「啊!」
溫言一路狂跑去換衣了,季應祈說冷陽心眼小,被姑娘擰一下能有多疼,還記著。
冷陽把袖子撩起來給他看,一塊紫青肉,季應祈尷尬,怪不得記著,看著挺疼。
正在臨摹字帖的沈確,看到溫言風風火火跑進來換衣,問她怎麼了,
「還不是你的好連襟,居然給我塞蟲子!」
溫言在屏風後面脫光了衣,跳來跳去,生怕還有東西在身上。
沈確搖頭,冷陽昨日就不經意間把手臂給他看,他都有些不好意思,
「你以後少欺負他些。」
「什麼!有沒有搞錯,你幫他不幫我,還有,什麼叫我欺負他,明明是他在欺負我!」
「我的意思是,你對上他要吃虧。」
「哼,寫你的字吧,只會體貼別人,有你沒你,沒差。」
沈確嘆氣,放下手中筆,
「走,我替你出氣去。」
「這還差不多。」
只是才出了寢宮,就有人來稟報宮外出了亂子,紅蓮教教眾煽動民眾鬧事,抓了許多男人,說要處刑。

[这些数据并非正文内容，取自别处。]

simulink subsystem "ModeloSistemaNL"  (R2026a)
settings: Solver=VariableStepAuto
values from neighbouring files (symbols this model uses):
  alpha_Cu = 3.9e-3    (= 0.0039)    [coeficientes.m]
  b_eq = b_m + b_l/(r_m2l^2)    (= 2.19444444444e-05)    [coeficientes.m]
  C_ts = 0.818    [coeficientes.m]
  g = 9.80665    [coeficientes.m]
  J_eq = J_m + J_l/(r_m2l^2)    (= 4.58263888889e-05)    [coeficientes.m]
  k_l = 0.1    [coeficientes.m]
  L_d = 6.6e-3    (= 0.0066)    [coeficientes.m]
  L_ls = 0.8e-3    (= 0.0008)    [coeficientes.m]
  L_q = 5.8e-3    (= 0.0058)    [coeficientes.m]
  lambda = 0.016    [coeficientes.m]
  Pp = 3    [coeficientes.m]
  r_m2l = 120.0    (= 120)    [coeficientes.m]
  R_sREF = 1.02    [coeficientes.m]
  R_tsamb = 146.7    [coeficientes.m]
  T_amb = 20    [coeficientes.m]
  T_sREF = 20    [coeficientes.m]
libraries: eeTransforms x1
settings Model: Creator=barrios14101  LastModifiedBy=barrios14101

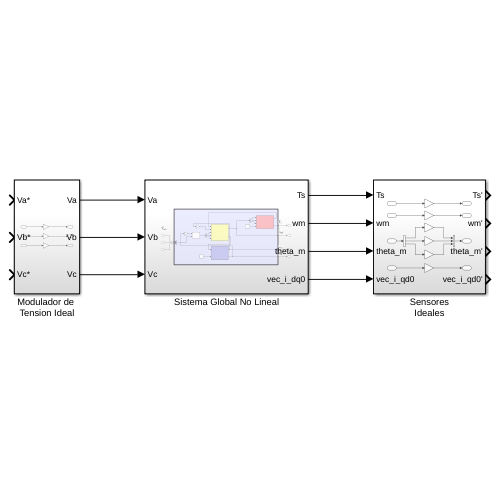
[thumbnail: Simulink's stored preview of the top-level diagram]
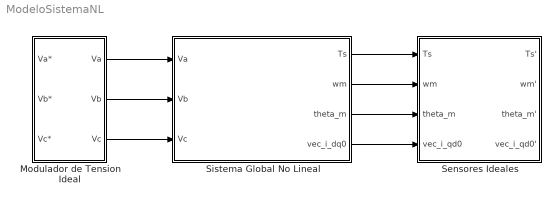
== system ModeloSistemaNL ==
  Modulador de Tension Ideal : Subsystem
  Sensores Ideales : Subsystem
  Sistema Global No Lineal : Subsystem
  wires:
  Modulador de Tension Ideal/1(Va) -> Sistema Global No Lineal/1(Va)
  Modulador de Tension Ideal/2(Vb) -> Sistema Global No Lineal/2(Vb)
  Modulador de Tension Ideal/3(Vc) -> Sistema Global No Lineal/3(Vc)
  Sistema Global No Lineal/1(Ts) -> Sensores Ideales/1(Ts)
  Sistema Global No Lineal/2(wm) -> Sensores Ideales/2(wm)
  Sistema Global No Lineal/3(theta_m) -> Sensores Ideales/3(theta_m)
  Sistema Global No Lineal/4(vec_i_dq0) -> Sensores Ideales/4(vec_i_qd0)

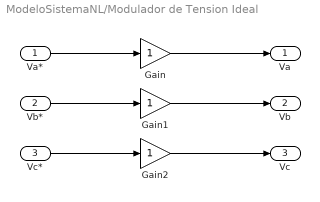
== system ModeloSistemaNL/Modulador de Tension Ideal ==
  Va* : Inport
  Vb* : Inport  Port=2
  Vc* : Inport  Port=3
  Gain : Gain
  Gain1 : Gain
  Gain2 : Gain
  Va : Outport
  Vb : Outport  Port=2
  Vc : Outport  Port=3
  wires:
  Va*/1 -> Gain/1
  Gain/1 -> Va/1
  Vb*/1 -> Gain1/1
  Gain1/1 -> Vb/1
  Vc*/1 -> Gain2/1
  Gain2/1 -> Vc/1

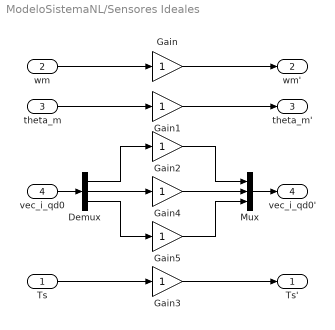
== system ModeloSistemaNL/Sensores Ideales ==
  Ts : Inport
  wm : Inport  Port=2
  theta_m : Inport  Port=3
  vec_i_qd0 : Inport  Port=4
  Demux : Demux  Outputs=3
  Gain{,1..5} (6 alike) : Gain
  Mux : Mux  Inputs=3
  Ts' : Outport
  wm' : Outport  Port=2
  theta_m' : Outport  Port=3
  vec_i_qd0' : Outport  Port=4
  wires:
  wm/1 -> Gain/1
  Gain/1 -> wm'/1
  theta_m/1 -> Gain1/1
  Gain1/1 -> theta_m'/1
  Ts/1 -> Gain3/1
  Gain3/1 -> Ts'/1
  vec_i_qd0/1 -> Demux/1
  Demux/2 -> Gain4/1
  Demux/1 -> Gain2/1
  Demux/3 -> Gain5/1
  Gain2/1 -> Mux/1
  Gain4/1 -> Mux/2
  Gain5/1 -> Mux/3
  Mux/1 -> vec_i_qd0'/1

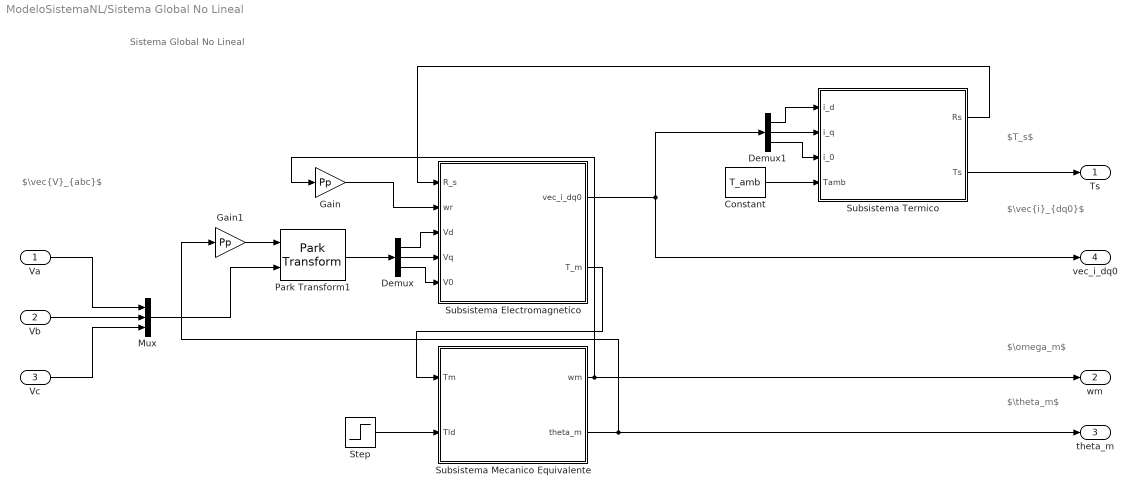
== system ModeloSistemaNL/Sistema Global No Lineal ==
  note: $\omega_m$
  note: $T_s$
  note: $\vec{i}_{dq0}$
  note: $\vec{V}_{abc}$
  note: Sistema Global No Lineal
  note: $\theta_m$
  Va : Inport
  Vb : Inport  Port=2
  Vc : Inport  Port=3
  Constant : Constant  Value=T_amb
  Demux : Demux  Outputs=3
  Demux1 : Demux  Outputs=3
  Gain : Gain  Gain=Pp
  Gain1 : Gain  Gain=Pp
  Mux : Mux  Inputs=3
  Park Transform1 : eeTransforms/Park Transform  AxisAlignment=D-axis  PowerInvariant=off
      settings: LibrarySourceBlock=|
      | ee_sl_lib/Mathematical
      | Transforms/Park Transform
  Step : Step  Time=0  FinalValue=15  SampleTime=0
  Subsistema Electromagnetico : Subsystem
  Subsistema Mecanico Equivalente : Subsystem
  Subsistema Termico : Subsystem
  Ts : Outport
  wm : Outport  Port=2
  theta_m : Outport  Port=3
  vec_i_dq0 : Outport  Port=4
  wires:
  Subsistema Termico/2(Ts) -> Ts/1
  Subsistema Electromagnetico/1(vec_i_dq0) -> vec_i_dq0/1, Demux1/1
  Subsistema Mecanico Equivalente/1(wm) -> wm/1, Gain/1
  Subsistema Mecanico Equivalente/2(theta_m) -> theta_m/1, Gain1/1
  Subsistema Electromagnetico/2(T_m) -> Subsistema Mecanico Equivalente/1(Tm)
  Demux1/2 -> Subsistema Termico/2(i_q)
  Subsistema Termico/1(Rs) -> Subsistema Electromagnetico/1(R_s)
  Park Transform1/1 -> Demux/1
  Gain1/1 -> Park Transform1/1
  Gain/1 -> Subsistema Electromagnetico/2(wr)
  Step/1 -> Subsistema Mecanico Equivalente/2(Tld)
  Va/1 -> Mux/1
  Mux/1 -> Park Transform1/2
  Demux1/1 -> Subsistema Termico/1(i_d)
  Vb/1 -> Mux/2
  Demux/3 -> Subsistema Electromagnetico/5(V0)
  Demux/2 -> Subsistema Electromagnetico/4(Vq)
  Demux/1 -> Subsistema Electromagnetico/3(Vd)
  Demux1/3 -> Subsistema Termico/3(i_0)
  Vc/1 -> Mux/3
  Constant/1 -> Subsistema Termico/4(Tamb)

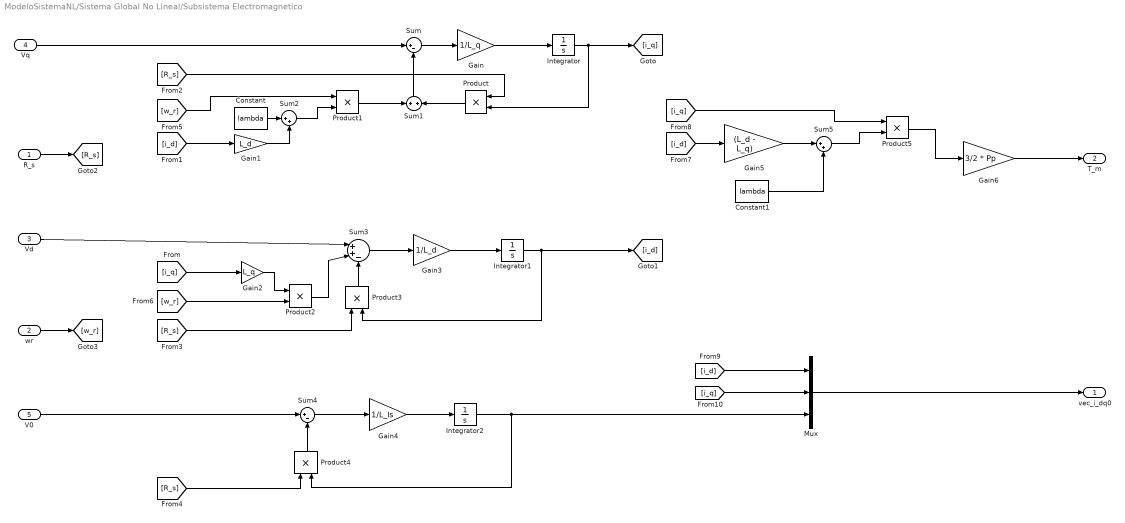
== system ModeloSistemaNL/Sistema Global No Lineal/Subsistema Electromagnetico ==
  R_s : Inport
  wr : Inport  Port=2
  Vd : Inport  Port=3
  Vq : Inport  Port=4
  V0 : Inport  Port=5
  Constant : Constant  Value=lambda
  Constant1 : Constant  Value=lambda
  Gain : Gain  Gain=1/L_q
  Gain1 : Gain  Gain=L_d
  Gain2 : Gain  Gain=L_q
  Gain3 : Gain  Gain=1/L_d
  Gain4 : Gain  Gain=1/L_ls
  Gain5 : Gain  Gain=(L_d - L_q)
  Gain6 : Gain  Gain=3/2 * Pp
  Integrator : Integrator
  Integrator1 : Integrator
  Integrator2 : Integrator
  Mux : Mux  Inputs=3
  Product{,1..5} (6 alike) : Product
  Sum : Sum  Inputs=|+-
  Sum1 : Sum
  Sum2 : Sum  Inputs=|++
  Sum3 : Sum  Inputs=|++-
  Sum4 : Sum  Inputs=|+-
  Sum5 : Sum  Inputs=|++
  vec_i_dq0 : Outport
  T_m : Outport  Port=2
  wires:
  Gain1/1 -> Sum2/2
  Product1/1 -> Sum1/1
  Sum2/1 -> Product1/2
  Constant/1 -> Sum2/1
  Product/1 -> Sum1/2
  Sum/1 -> Gain/1
  Sum1/1 -> Sum/2
  Vq/1 -> Sum/1
  Gain/1 -> Integrator/1
  Product3/1 -> Sum3/3
  Gain3/1 -> Integrator1/1
  Sum3/1 -> Gain3/1
  Product2/1 -> Sum3/2
  Gain2/1 -> Product2/1
  Vd/1 -> Sum3/1
  Product4/1 -> Sum4/2
  Integrator2/1 -> Product4/2, Mux/3
  Gain4/1 -> Integrator2/1
  Sum4/1 -> Gain4/1
  V0/1 -> Sum4/1
  Gain5/1 -> Sum5/1
  Sum5/1 -> Product5/2
  Integrator1/1 -> [i_d], Product3/2
  Constant1/1 -> Sum5/2
  Product5/1 -> Gain6/1
  Integrator/1 -> Product/2, [i_q]
  Gain6/1 -> T_m/1
  [i_q] -> Gain2/1
  [i_d] -> Gain1/1
  [R_s] -> Product/1
  R_s/1 -> [R_s]
  [R_s] -> Product3/1
  [R_s] -> Product4/1
  wr/1 -> [w_r]
  [w_r] -> Product1/1
  [w_r] -> Product2/2
  [i_d] -> Gain5/1
  [i_q] -> Product5/1
  [i_q] -> Mux/2
  [i_d] -> Mux/1
  Mux/1 -> vec_i_dq0/1

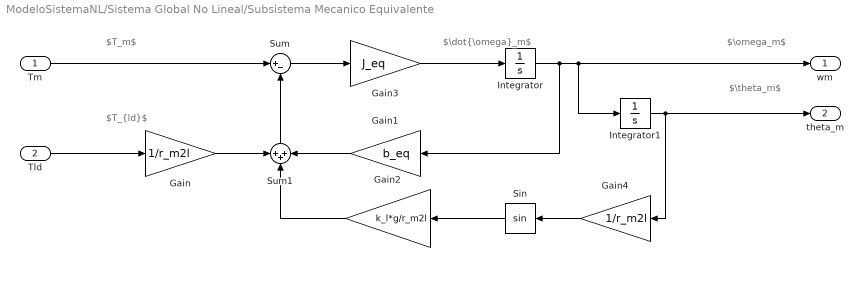
== system ModeloSistemaNL/Sistema Global No Lineal/Subsistema Mecanico Equivalente ==
  note: $T_m$
  note: $T_{ld}$
  note: $\dot{\omega}_m$
  note: $\omega_m$
  note: $\theta_m$
  Tm : Inport
  Tld : Inport  Port=2
  Gain : Gain  Gain=1/r_m2l
  Gain1 : Gain  Gain=b_eq
  Gain2 : Gain  Gain=k_l*g/r_m2l
  Gain3 : Gain  Gain=J_eq
  Gain4 : Gain  Gain=1/r_m2l
  Integrator : Integrator
  Integrator1 : Integrator
  Sin : Trigonometry
  Sum : Sum  Inputs=|+-
  Sum1 : Sum  Inputs=+++
  wm : Outport
  theta_m : Outport  Port=2
  wires:
  Integrator/1 -> Integrator1/1, wm/1, Gain1/1
  Integrator1/1 -> theta_m/1, Gain4/1
  Sum/1 -> Gain3/1
  Tm/1 -> Sum/1
  Sum1/1 -> Sum/2
  Gain2/1 -> Sum1/2
  Gain/1 -> Sum1/1
  Sin/1 -> Gain2/1
  Gain1/1 -> Sum1/3
  Gain3/1 -> Integrator/1
  Gain4/1 -> Sin/1
  Tld/1 -> Gain/1

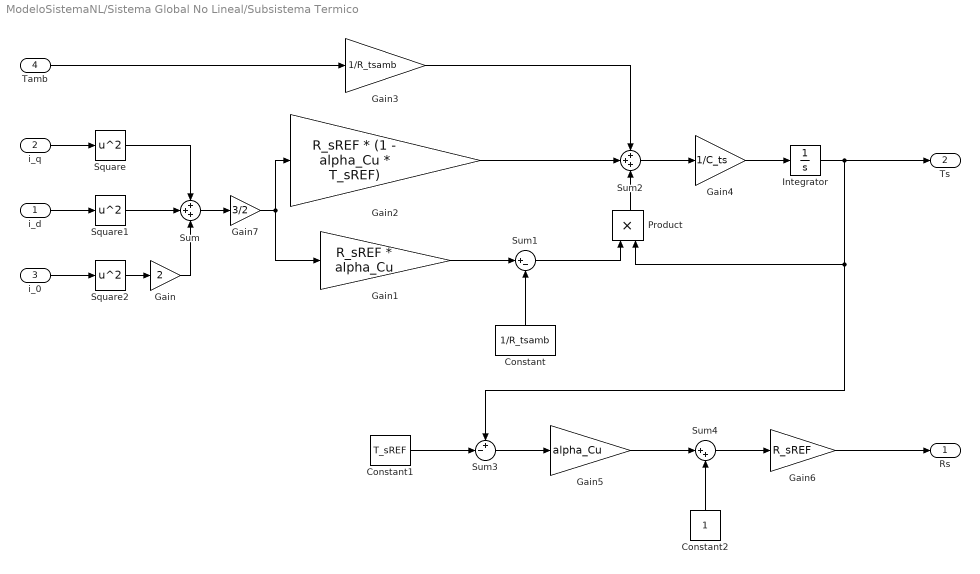
== system ModeloSistemaNL/Sistema Global No Lineal/Subsistema Termico ==
  i_d : Inport
  i_q : Inport  Port=2
  i_0 : Inport  Port=3
  Tamb : Inport  Port=4
  Constant : Constant  Value=1/R_tsamb
  Constant1 : Constant  Value=T_sREF
  Constant2 : Constant
  Gain : Gain  Gain=2
  Gain1 : Gain  Gain=R_sREF * alpha_Cu
  Gain2 : Gain  Gain="R_sREF * (1 -  alpha_Cu * T_sREF)"
  Gain3 : Gain  Gain=1/R_tsamb
  Gain4 : Gain  Gain=1/C_ts
  Gain5 : Gain  Gain=alpha_Cu
  Gain6 : Gain  Gain=R_sREF
  Gain7 : Gain  Gain=3/2
  Integrator : Integrator
  Product : Product
  Square : Math  Operator=square
  Square1 : Math  Operator=square
  Square2 : Math  Operator=square
  Sum : Sum  Inputs=+++
  Sum1 : Sum  Inputs=|+-
  Sum2 : Sum  Inputs=+++
  Sum3 : Sum  Inputs=+-|
  Sum4 : Sum  Inputs=|++
  Rs : Outport
  Ts : Outport  Port=2
  wires:
  Integrator/1 -> Sum3/1, Product/2, Ts/1
  Gain6/1 -> Rs/1
  Gain7/1 -> Gain2/1, Gain1/1
  Sum4/1 -> Gain6/1
  Constant1/1 -> Sum3/2
  Gain/1 -> Sum/3
  Gain5/1 -> Sum4/1
  Gain1/1 -> Sum1/1
  Constant/1 -> Sum1/2
  Sum3/1 -> Gain5/1
  Sum1/1 -> Product/1
  Tamb/1 -> Gain3/1
  Sum/1 -> Gain7/1
  Constant2/1 -> Sum4/2
  Square2/1 -> Gain/1
  Sum2/1 -> Gain4/1
  i_0/1 -> Square2/1
  i_d/1 -> Square1/1
  Square1/1 -> Sum/2
  Square/1 -> Sum/1
  Gain2/1 -> Sum2/2
  Gain4/1 -> Integrator/1
  Product/1 -> Sum2/3
  Gain3/1 -> Sum2/1
  i_q/1 -> Square/1

在王都的日子裡,溫言聽過這紅蓮教的厲害,什麼教主法力無邊啦,什麼信紅蓮教長壽啦,更誇張的是,說紅蓮教還能讓人起死回生。
這個教,只收女弟子,曾今遊街的時候,溫言有幸見到過她們的教主,是個童顏的少女,但據說她已經有百歲。
紅蓮教的口號是,殺盡天下負心男。
沈確聽完,覺得這個教主心理有問題,評價道,
「只殺負心男,不殺負心女,這是偏見。」
「這是為了篩選受過情傷的女子,你當什麼真。」
「她聚這些女子有何用?」
「去看看不就知道了。」
溫言又換了一身不那麼顯眼的衣裳,高冠取下,挽了看起來很溫柔的髮髻。
沈確和她帶了六個侍衛出宮。
一處空地上,被綁著十幾個男人,有錦衣也有布衣,有長得清秀,也有長得醜。
空地的對麵茶樓以及妓院樓,坐滿了許多看熱鬧的人。